Marianne Moore was an American poet, born in Missouri today in 1887. Here’s her basic information, from Wikipedia: “Marianne Craig Moore (November 15, 1887 – February 5, 1972) was an American Modernist poet, critic, translator, and editor. Her poetry is noted for formal innovation, precise diction, irony, and wit.”
One of her well-known poems is called “Armor’s Undermining Modesty,” and was written in 1950. Here is a two-stanza excerpt:
Arise, for it is day.
Even gifted scholars lose their way
through faulty etymology.
No wonder we hate poetry,
and new stars and harps and the new moon. If tributes cannot
be implicit,give me diatribes and the fragrance of iodine,
the cork oak acorn grown in Spain;
the pale-ale-eyed impersonal look
which the sales-placard gives the bock beer buck.
What is more precise than precision? Illusion.
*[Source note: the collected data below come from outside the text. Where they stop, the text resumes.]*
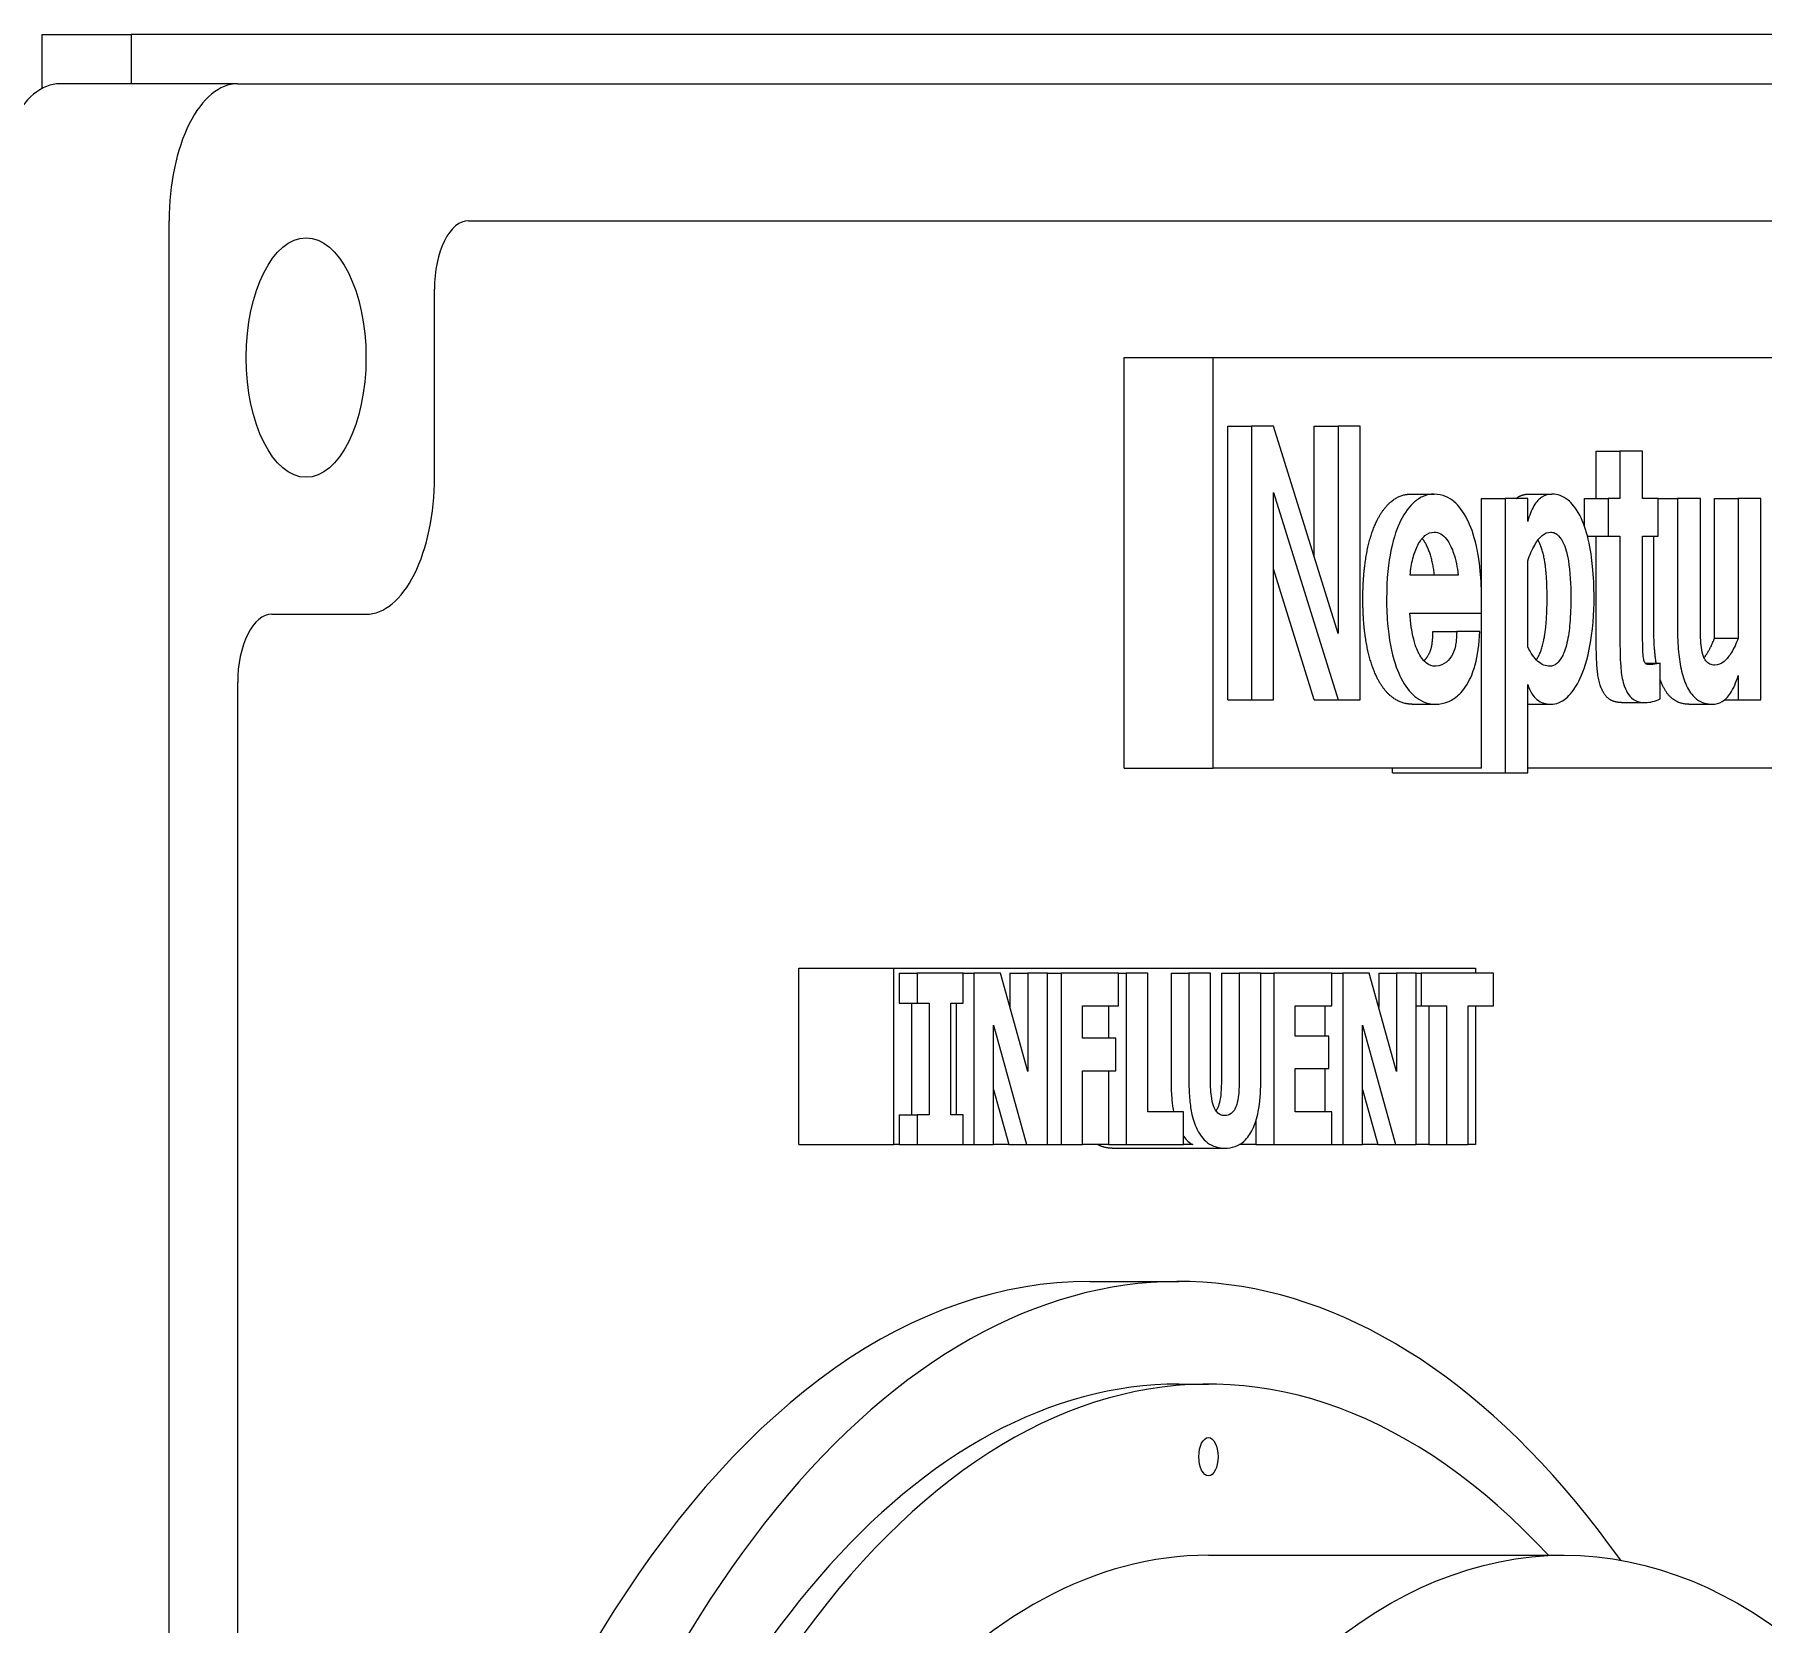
# Model space of a CAD drawing. Header units: inches. Extents: x 12 to 318, y 5 to 204.
# Drawn here: x 155.156 to 158.31, y 84.769 to 87.669 of the extents above; entities that cross this region are included whole.
import ezdxf

# ---------------------------------------------------------------- set-up
doc = ezdxf.new("R2010")
doc.units = ezdxf.units.IN
doc.header["$LTSCALE"] = 9.5
doc.header["$MEASUREMENT"] = 0
doc.layers.add('Dimension', color=7, linetype='Continuous', lineweight=25)
doc.layers.add('Visible', color=7, linetype='Continuous', lineweight=18)
doc.styles.add('Standard D-E', font='arial.ttf')
doc.dimstyles.new('in [mm] D-E NeptuneBenson', dxfattribs={"dimscale": 9.5, "dimtxt": 0.15, "dimasz": 0.098425, "dimexe": 0.125, "dimexo": 0.063, "dimgap": 0.031496, "dimtad": 0, "dimtih": 1, "dimtoh": 1, "dimdec": 4, "dimrnd": 1e-08, "dimzin": 3, "dimdsep": 46, "dimlunit": 5, "dimtxsty": 'Standard D-E', "dimcen": 0.09, "dimdle": 0.393701, "dimclrd": 256, "dimclre": 256, "dimclrt": 256, "dimadec": 1, "dimazin": 1, "dimtfac": 1, "dimtofl": 0, "dimtmove": 0, "dimatfit": 3, "dimfxl": 1, "dimfrac": 1, "dimtolj": 1, "dimtzin": 4, "dimlwd": -1, "dimlwe": -1, "dimarcsym": 0})

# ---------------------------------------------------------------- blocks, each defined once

According to the footnote to the poem, the “bock beer buck” Moore referred to was a New Jersey brand called “Old Bohemian Bock Beer,” which was brewed by Eastern Beverage Company of Hammonton. Below is a label of “Old Bohemian Bock Beer” from the year she wrote the poem, 1950.
But according to Moore herself, the inspiration for that line came from a poster, not a beer label, that was advertising their bock beer, and the “buck” refers to the male goat used in both the poster and labels. I don’t know if this is the same poster (probably not) but it was the only one I could find.